I think that there is nothing like seeing the vans for yourself; a really good look at all the fittings, layout, equipment etc. imagine that you are preparing a meal and see if there is anywhere to put down any crockery or pans other than on the cooker; get in the 'bathroom' and see if there is room to wash or shower, and use the toilet; is there actually room to bend down to look in the fridge; or is it positioned high enough not to need to bend down to it; is there actually anywhere to keep all the bedding that you need to carry; then deciding which you like and then asking for opinions of owners of your preferred make and model. Of course this doesn't just apply to Panel Van Conversions.

I admit that it isn't easy to do; dealers tend not to have more than one type in stock, if that, and some of the 'vans are not sold by dealers; except used ones.

Trying to examine them properly at motorhome shows can be difficult with all the other people doing the same and I have found with some brands that the overenthusiastic amateur sales people ( Timberland ) actually prevents a proper appraisal of the product.

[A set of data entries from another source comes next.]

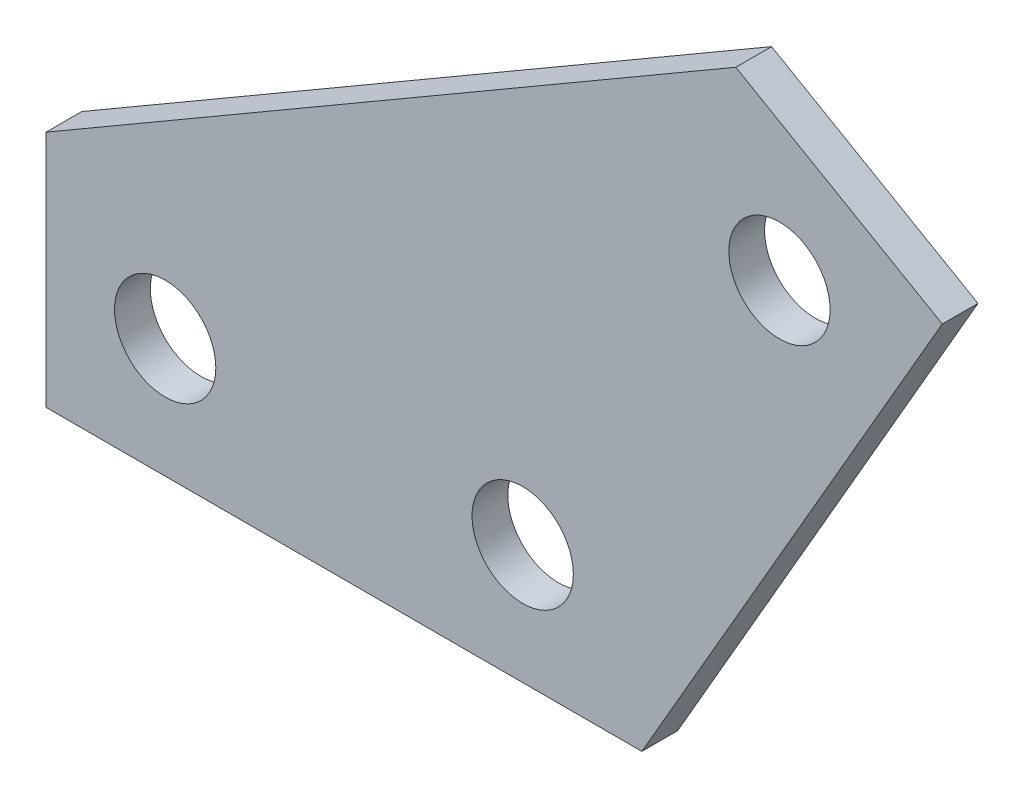
ISO-10303-21;
HEADER;
FILE_DESCRIPTION(('STEP AP214'),'2;1');
FILE_NAME('part.step','',(''),(''),'','','');
FILE_SCHEMA(('AUTOMOTIVE_DESIGN { 1 0 10303 214 1 1 1 1 }'));
ENDSEC;
DATA;
#1=APPLICATION_CONTEXT('core data for automotive mechanical design processes');
#2=APPLICATION_PROTOCOL_DEFINITION('international standard','automotive_design',2000,#1);
#3=PRODUCT_CONTEXT('',#1,'mechanical');
#4=PRODUCT('Part','Part','',(#3));
#5=PRODUCT_RELATED_PRODUCT_CATEGORY('part','',(#4));
#6=PRODUCT_DEFINITION_FORMATION('','',#4);
#7=PRODUCT_DEFINITION_CONTEXT('part definition',#1,'design');
#8=PRODUCT_DEFINITION('design','',#6,#7);
#9=PRODUCT_DEFINITION_SHAPE('','',#8);
#10=(LENGTH_UNIT() NAMED_UNIT(*) SI_UNIT(.MILLI.,.METRE.));
#11=(NAMED_UNIT(*) PLANE_ANGLE_UNIT() SI_UNIT($,.RADIAN.));
#12=(NAMED_UNIT(*) SI_UNIT($,.STERADIAN.) SOLID_ANGLE_UNIT());
#13=UNCERTAINTY_MEASURE_WITH_UNIT(LENGTH_MEASURE(1.E-05),#10,'distance_accuracy_value','');
#14=(GEOMETRIC_REPRESENTATION_CONTEXT(3) GLOBAL_UNCERTAINTY_ASSIGNED_CONTEXT((#13)) GLOBAL_UNIT_ASSIGNED_CONTEXT((#10,
#11,#12)) REPRESENTATION_CONTEXT('',''));
#15=CARTESIAN_POINT('',(0.,0.,0.));
#16=DIRECTION('',(0.,0.,1.));
#17=DIRECTION('',(1.,0.,0.));
#18=AXIS2_PLACEMENT_3D('',#15,#16,#17);
#19=CARTESIAN_POINT('',(0.,0.,3.));
#20=DIRECTION('',(0.,0.,-1.));
#21=DIRECTION('',(-1.,0.,0.));
#22=AXIS2_PLACEMENT_3D('',#19,#20,#21);
#23=PLANE('',#22);
#24=DIRECTION('',(1.,0.,0.));
#25=VECTOR('',#24,1.);
#26=CARTESIAN_POINT('',(0.,0.,3.));
#27=LINE('',#26,#25);
#28=CARTESIAN_POINT('',(0.,0.,3.));
#29=VERTEX_POINT('',#28);
#30=CARTESIAN_POINT('',(50.,0.,3.));
#31=VERTEX_POINT('',#30);
#32=EDGE_CURVE('E137',#29,#31,#27,.T.);
#33=ORIENTED_EDGE('',*,*,#32,.T.);
#34=DIRECTION('',(0.499999999999998,0.86602540378444,0.));
#35=VECTOR('',#34,1.);
#36=CARTESIAN_POINT('',(50.,0.,3.));
#37=LINE('',#36,#35);
#38=CARTESIAN_POINT('',(75.2072594216367,43.6602540378443,3.));
#39=VERTEX_POINT('',#38);
#40=EDGE_CURVE('E95',#31,#39,#37,.T.);
#41=ORIENTED_EDGE('',*,*,#40,.T.);
#42=DIRECTION('',(-0.866025403784441,0.499999999999995,0.));
#43=VECTOR('',#42,1.);
#44=CARTESIAN_POINT('',(75.2072594216367,43.6602540378443,3.));
#45=LINE('',#44,#43);
#46=CARTESIAN_POINT('',(57.8867513459479,53.6602540378442,3.));
#47=VERTEX_POINT('',#46);
#48=EDGE_CURVE('E99',#39,#47,#45,.T.);
#49=ORIENTED_EDGE('',*,*,#48,.T.);
#50=DIRECTION('',(-0.864473662012175,-0.502678115385243,0.));
#51=VECTOR('',#50,1.);
#52=CARTESIAN_POINT('',(0.,20.,3.));
#53=LINE('',#52,#51);
#54=CARTESIAN_POINT('',(0.,20.,3.));
#55=VERTEX_POINT('',#54);
#56=EDGE_CURVE('E103',#47,#55,#53,.T.);
#57=ORIENTED_EDGE('',*,*,#56,.T.);
#58=DIRECTION('',(0.,-1.,0.));
#59=VECTOR('',#58,1.);
#60=CARTESIAN_POINT('',(0.,20.,3.));
#61=LINE('',#60,#59);
#62=EDGE_CURVE('E61',#55,#29,#61,.T.);
#63=ORIENTED_EDGE('',*,*,#62,.T.);
#64=EDGE_LOOP('',(#33,#41,#49,#57,#63));
#65=FACE_BOUND('',#64,.T.);
#66=CARTESIAN_POINT('',(40.,9.99999999999999,3.));
#67=DIRECTION('',(0.,0.,1.));
#68=DIRECTION('',(1.,0.,0.));
#69=AXIS2_PLACEMENT_3D('',#66,#67,#68);
#70=CIRCLE('',#69,4.25);
#71=CARTESIAN_POINT('',(44.25,9.99999999999999,3.));
#72=VERTEX_POINT('',#71);
#73=EDGE_CURVE('E128',#72,#72,#70,.T.);
#74=ORIENTED_EDGE('',*,*,#73,.F.);
#75=EDGE_LOOP('',(#74));
#76=FACE_BOUND('',#75,.T.);
#77=CARTESIAN_POINT('',(10.,9.99999999999999,3.));
#78=DIRECTION('',(0.,0.,1.));
#79=DIRECTION('',(1.,0.,0.));
#80=AXIS2_PLACEMENT_3D('',#77,#78,#79);
#81=CIRCLE('',#80,4.25);
#82=CARTESIAN_POINT('',(14.25,9.99999999999999,3.));
#83=VERTEX_POINT('',#82);
#84=EDGE_CURVE('E191',#83,#83,#81,.T.);
#85=ORIENTED_EDGE('',*,*,#84,.F.);
#86=EDGE_LOOP('',(#85));
#87=FACE_BOUND('',#86,.T.);
#88=CARTESIAN_POINT('',(61.5470053837924,40.,3.));
#89=DIRECTION('',(0.,0.,1.));
#90=DIRECTION('',(1.,0.,0.));
#91=AXIS2_PLACEMENT_3D('',#88,#89,#90);
#92=CIRCLE('',#91,4.25000000000001);
#93=CARTESIAN_POINT('',(65.7970053837924,40.,3.));
#94=VERTEX_POINT('',#93);
#95=EDGE_CURVE('E180',#94,#94,#92,.T.);
#96=ORIENTED_EDGE('',*,*,#95,.F.);
#97=EDGE_LOOP('',(#96));
#98=FACE_BOUND('',#97,.T.);
#99=ADVANCED_FACE('F43',(#65,#76,#87,#98),#23,.F.);
#100=CARTESIAN_POINT('',(0.,0.,0.));
#101=DIRECTION('',(0.,0.,-1.));
#102=DIRECTION('',(-1.,0.,0.));
#103=AXIS2_PLACEMENT_3D('',#100,#101,#102);
#104=PLANE('',#103);
#105=CARTESIAN_POINT('',(10.,9.99999999999999,0.));
#106=DIRECTION('',(0.,0.,1.));
#107=DIRECTION('',(1.,0.,0.));
#108=AXIS2_PLACEMENT_3D('',#105,#106,#107);
#109=CIRCLE('',#108,4.25);
#110=CARTESIAN_POINT('',(14.25,9.99999999999999,0.));
#111=VERTEX_POINT('',#110);
#112=EDGE_CURVE('E188',#111,#111,#109,.T.);
#113=ORIENTED_EDGE('',*,*,#112,.T.);
#114=EDGE_LOOP('',(#113));
#115=FACE_BOUND('',#114,.T.);
#116=DIRECTION('',(1.,0.,0.));
#117=VECTOR('',#116,1.);
#118=CARTESIAN_POINT('',(0.,0.,0.));
#119=LINE('',#118,#117);
#120=CARTESIAN_POINT('',(0.,0.,0.));
#121=VERTEX_POINT('',#120);
#122=CARTESIAN_POINT('',(50.,0.,0.));
#123=VERTEX_POINT('',#122);
#124=EDGE_CURVE('E123',#121,#123,#119,.T.);
#125=ORIENTED_EDGE('',*,*,#124,.F.);
#126=DIRECTION('',(0.,-1.,0.));
#127=VECTOR('',#126,1.);
#128=CARTESIAN_POINT('',(0.,20.,0.));
#129=LINE('',#128,#127);
#130=CARTESIAN_POINT('',(0.,20.,0.));
#131=VERTEX_POINT('',#130);
#132=EDGE_CURVE('E87',#131,#121,#129,.T.);
#133=ORIENTED_EDGE('',*,*,#132,.F.);
#134=DIRECTION('',(-0.864473662012175,-0.502678115385243,0.));
#135=VECTOR('',#134,1.);
#136=CARTESIAN_POINT('',(0.,20.,0.));
#137=LINE('',#136,#135);
#138=CARTESIAN_POINT('',(57.8867513459479,53.6602540378442,0.));
#139=VERTEX_POINT('',#138);
#140=EDGE_CURVE('E81',#139,#131,#137,.T.);
#141=ORIENTED_EDGE('',*,*,#140,.F.);
#142=DIRECTION('',(-0.866025403784441,0.499999999999995,0.));
#143=VECTOR('',#142,1.);
#144=CARTESIAN_POINT('',(75.2072594216367,43.6602540378443,0.));
#145=LINE('',#144,#143);
#146=CARTESIAN_POINT('',(75.2072594216367,43.6602540378443,0.));
#147=VERTEX_POINT('',#146);
#148=EDGE_CURVE('E111',#147,#139,#145,.T.);
#149=ORIENTED_EDGE('',*,*,#148,.F.);
#150=DIRECTION('',(0.499999999999998,0.86602540378444,0.));
#151=VECTOR('',#150,1.);
#152=CARTESIAN_POINT('',(50.,0.,0.));
#153=LINE('',#152,#151);
#154=EDGE_CURVE('E127',#123,#147,#153,.T.);
#155=ORIENTED_EDGE('',*,*,#154,.F.);
#156=EDGE_LOOP('',(#125,#133,#141,#149,#155));
#157=FACE_BOUND('',#156,.T.);
#158=CARTESIAN_POINT('',(40.,9.99999999999999,0.));
#159=DIRECTION('',(0.,0.,1.));
#160=DIRECTION('',(1.,0.,0.));
#161=AXIS2_PLACEMENT_3D('',#158,#159,#160);
#162=CIRCLE('',#161,4.25);
#163=CARTESIAN_POINT('',(44.25,9.99999999999999,0.));
#164=VERTEX_POINT('',#163);
#165=EDGE_CURVE('E195',#164,#164,#162,.T.);
#166=ORIENTED_EDGE('',*,*,#165,.T.);
#167=EDGE_LOOP('',(#166));
#168=FACE_BOUND('',#167,.T.);
#169=CARTESIAN_POINT('',(61.5470053837924,40.,0.));
#170=DIRECTION('',(0.,0.,1.));
#171=DIRECTION('',(1.,0.,0.));
#172=AXIS2_PLACEMENT_3D('',#169,#170,#171);
#173=CIRCLE('',#172,4.25000000000001);
#174=CARTESIAN_POINT('',(65.7970053837924,40.,0.));
#175=VERTEX_POINT('',#174);
#176=EDGE_CURVE('E183',#175,#175,#173,.T.);
#177=ORIENTED_EDGE('',*,*,#176,.T.);
#178=EDGE_LOOP('',(#177));
#179=FACE_BOUND('',#178,.T.);
#180=ADVANCED_FACE('F144',(#115,#157,#168,#179),#104,.T.);
#181=CARTESIAN_POINT('',(0.,0.,3.));
#182=DIRECTION('',(0.,1.,0.));
#183=DIRECTION('',(-1.,0.,0.));
#184=AXIS2_PLACEMENT_3D('',#181,#182,#183);
#185=PLANE('',#184);
#186=ORIENTED_EDGE('',*,*,#124,.T.);
#187=DIRECTION('',(0.,0.,-1.));
#188=VECTOR('',#187,1.);
#189=CARTESIAN_POINT('',(50.,0.,3.));
#190=LINE('',#189,#188);
#191=EDGE_CURVE('E11',#31,#123,#190,.T.);
#192=ORIENTED_EDGE('',*,*,#191,.F.);
#193=ORIENTED_EDGE('',*,*,#32,.F.);
#194=DIRECTION('',(0.,0.,-1.));
#195=VECTOR('',#194,1.);
#196=CARTESIAN_POINT('',(0.,0.,3.));
#197=LINE('',#196,#195);
#198=EDGE_CURVE('E119',#29,#121,#197,.T.);
#199=ORIENTED_EDGE('',*,*,#198,.T.);
#200=EDGE_LOOP('',(#186,#192,#193,#199));
#201=FACE_BOUND('',#200,.T.);
#202=ADVANCED_FACE('F45',(#201),#185,.F.);
#203=CARTESIAN_POINT('',(50.,0.,3.));
#204=DIRECTION('',(-0.86602540378444,0.499999999999998,0.));
#205=DIRECTION('',(-0.499999999999998,-0.86602540378444,0.));
#206=AXIS2_PLACEMENT_3D('',#203,#204,#205);
#207=PLANE('',#206);
#208=ORIENTED_EDGE('',*,*,#154,.T.);
#209=DIRECTION('',(0.,0.,-1.));
#210=VECTOR('',#209,1.);
#211=CARTESIAN_POINT('',(75.2072594216367,43.6602540378443,3.));
#212=LINE('',#211,#210);
#213=EDGE_CURVE('E53',#39,#147,#212,.T.);
#214=ORIENTED_EDGE('',*,*,#213,.F.);
#215=ORIENTED_EDGE('',*,*,#40,.F.);
#216=ORIENTED_EDGE('',*,*,#191,.T.);
#217=EDGE_LOOP('',(#208,#214,#215,#216));
#218=FACE_BOUND('',#217,.T.);
#219=ADVANCED_FACE('F245',(#218),#207,.F.);
#220=CARTESIAN_POINT('',(75.2072594216367,43.6602540378443,3.));
#221=DIRECTION('',(-0.499999999999995,-0.866025403784441,0.));
#222=DIRECTION('',(0.866025403784441,-0.499999999999995,0.));
#223=AXIS2_PLACEMENT_3D('',#220,#221,#222);
#224=PLANE('',#223);
#225=ORIENTED_EDGE('',*,*,#148,.T.);
#226=DIRECTION('',(0.,0.,-1.));
#227=VECTOR('',#226,1.);
#228=CARTESIAN_POINT('',(57.8867513459479,53.6602540378442,3.));
#229=LINE('',#228,#227);
#230=EDGE_CURVE('E108',#47,#139,#229,.T.);
#231=ORIENTED_EDGE('',*,*,#230,.F.);
#232=ORIENTED_EDGE('',*,*,#48,.F.);
#233=ORIENTED_EDGE('',*,*,#213,.T.);
#234=EDGE_LOOP('',(#225,#231,#232,#233));
#235=FACE_BOUND('',#234,.T.);
#236=ADVANCED_FACE('F109',(#235),#224,.F.);
#237=CARTESIAN_POINT('',(0.,20.,3.));
#238=DIRECTION('',(0.502678115385243,-0.864473662012175,0.));
#239=DIRECTION('',(0.864473662012175,0.502678115385243,0.));
#240=AXIS2_PLACEMENT_3D('',#237,#238,#239);
#241=PLANE('',#240);
#242=ORIENTED_EDGE('',*,*,#140,.T.);
#243=DIRECTION('',(0.,0.,-1.));
#244=VECTOR('',#243,1.);
#245=CARTESIAN_POINT('',(0.,20.,3.));
#246=LINE('',#245,#244);
#247=EDGE_CURVE('E113',#55,#131,#246,.T.);
#248=ORIENTED_EDGE('',*,*,#247,.F.);
#249=ORIENTED_EDGE('',*,*,#56,.F.);
#250=ORIENTED_EDGE('',*,*,#230,.T.);
#251=EDGE_LOOP('',(#242,#248,#249,#250));
#252=FACE_BOUND('',#251,.T.);
#253=ADVANCED_FACE('F115',(#252),#241,.F.);
#254=CARTESIAN_POINT('',(0.,20.,3.));
#255=DIRECTION('',(1.,0.,0.));
#256=DIRECTION('',(0.,0.,-1.));
#257=AXIS2_PLACEMENT_3D('',#254,#255,#256);
#258=PLANE('',#257);
#259=ORIENTED_EDGE('',*,*,#132,.T.);
#260=ORIENTED_EDGE('',*,*,#198,.F.);
#261=ORIENTED_EDGE('',*,*,#62,.F.);
#262=ORIENTED_EDGE('',*,*,#247,.T.);
#263=EDGE_LOOP('',(#259,#260,#261,#262));
#264=FACE_BOUND('',#263,.T.);
#265=ADVANCED_FACE('F149',(#264),#258,.F.);
#266=CARTESIAN_POINT('',(40.,9.99999999999999,3.));
#267=DIRECTION('',(0.,0.,-1.));
#268=DIRECTION('',(-1.,0.,0.));
#269=AXIS2_PLACEMENT_3D('',#266,#267,#268);
#270=CYLINDRICAL_SURFACE('',#269,4.25);
#271=ORIENTED_EDGE('',*,*,#73,.T.);
#272=EDGE_LOOP('',(#271));
#273=FACE_BOUND('',#272,.T.);
#274=ORIENTED_EDGE('',*,*,#165,.F.);
#275=EDGE_LOOP('',(#274));
#276=FACE_BOUND('',#275,.T.);
#277=ADVANCED_FACE('F151',(#273,#276),#270,.F.);
#278=CARTESIAN_POINT('',(10.,9.99999999999999,3.));
#279=DIRECTION('',(0.,0.,-1.));
#280=DIRECTION('',(-1.,0.,0.));
#281=AXIS2_PLACEMENT_3D('',#278,#279,#280);
#282=CYLINDRICAL_SURFACE('',#281,4.25);
#283=ORIENTED_EDGE('',*,*,#84,.T.);
#284=EDGE_LOOP('',(#283));
#285=FACE_BOUND('',#284,.T.);
#286=ORIENTED_EDGE('',*,*,#112,.F.);
#287=EDGE_LOOP('',(#286));
#288=FACE_BOUND('',#287,.T.);
#289=ADVANCED_FACE('F157',(#285,#288),#282,.F.);
#290=CARTESIAN_POINT('',(61.5470053837924,40.,3.));
#291=DIRECTION('',(0.,0.,-1.));
#292=DIRECTION('',(-1.,0.,0.));
#293=AXIS2_PLACEMENT_3D('',#290,#291,#292);
#294=CYLINDRICAL_SURFACE('',#293,4.25000000000001);
#295=ORIENTED_EDGE('',*,*,#95,.T.);
#296=EDGE_LOOP('',(#295));
#297=FACE_BOUND('',#296,.T.);
#298=ORIENTED_EDGE('',*,*,#176,.F.);
#299=EDGE_LOOP('',(#298));
#300=FACE_BOUND('',#299,.T.);
#301=ADVANCED_FACE('F171',(#297,#300),#294,.F.);
#302=CLOSED_SHELL('',(#99,#180,#202,#219,#236,#253,#265,#277,#289,#301));
#303=MANIFOLD_SOLID_BREP('B2',#302);
#304=ADVANCED_BREP_SHAPE_REPRESENTATION('',(#18,#303),#14);
#305=SHAPE_DEFINITION_REPRESENTATION(#9,#304);
ENDSEC;
END-ISO-10303-21;

I really like Timberlands but when I climbed aboard one to view ( Old model Fiat Ducato ) I couldn't stand up in it and I am only 5ft 10 1/2 inches tall and if I remember right that also applies to the new Fiat Timberland and the IH Fiat but headroom in the Renaults is ok .......... so you really need to see for yourself and to that end a 'Panel Van Meet' would be wonderful wouldn't it? all the Panel van owning MHF members with their various makes for everyone to look at and compare together ... you know, 'I'll show you mine and you show me yours' :wink:

My van is unique as is Badgers; but it doesn't matter; I am still an enthusiastic 'Panel Vanner' ...... just make up a name Badger; how about 'Dorset Staraker' or 'Autotravel Huntington' just for starters  

H H H Harvey


----------



## Steamdrivenandy

I think if you search diligently you'll find a fair bit about various panel vans.
There's a few in Motorhome Reviews, although the list does include articles on the 'TT' I'm afraid.
I've put some pictures of my panel van on:
http://www.motorhomefacts.com/modul...oto_Gallery&file=index&include=view_album.php
and there's been loads of discussion recently about the Adria Twin.
Keep searching


----------



## 88838

Hi Maura,
see I do drift back here occasionally.  
we have a Bilbo Nektar - on T4 2.5tdi good to drive and get mid 30s in fuel consumption on day to day running, we don't have auto on the van although it's an option - as is fitting an auto-clutch [got somne info on that - but then OH changed his mind and he's the one that really wants it]
Bilbo is based in East Sussex, not far from the M25 mobile car park - they are like westies for finish rather than AS - but we prefer that look. Also like the compressor fridge option [front opening door], It has a shove away porta potti rather than loo/shower - but it has a lot of storage,

8)


----------



## 107074

*panal van*

hi i have a panel van the ultimate leyland daf 200. last owner left it to rot. needs a lot of tlc. blown clutch,cab needs complete cleen out back could do with a re furb, and thats just wot i'v found wrong at mo


----------



## rowley

b6x wrote-"there's others of us here, but I think it's fair to say that the Tribute is by far the most popular at the moment."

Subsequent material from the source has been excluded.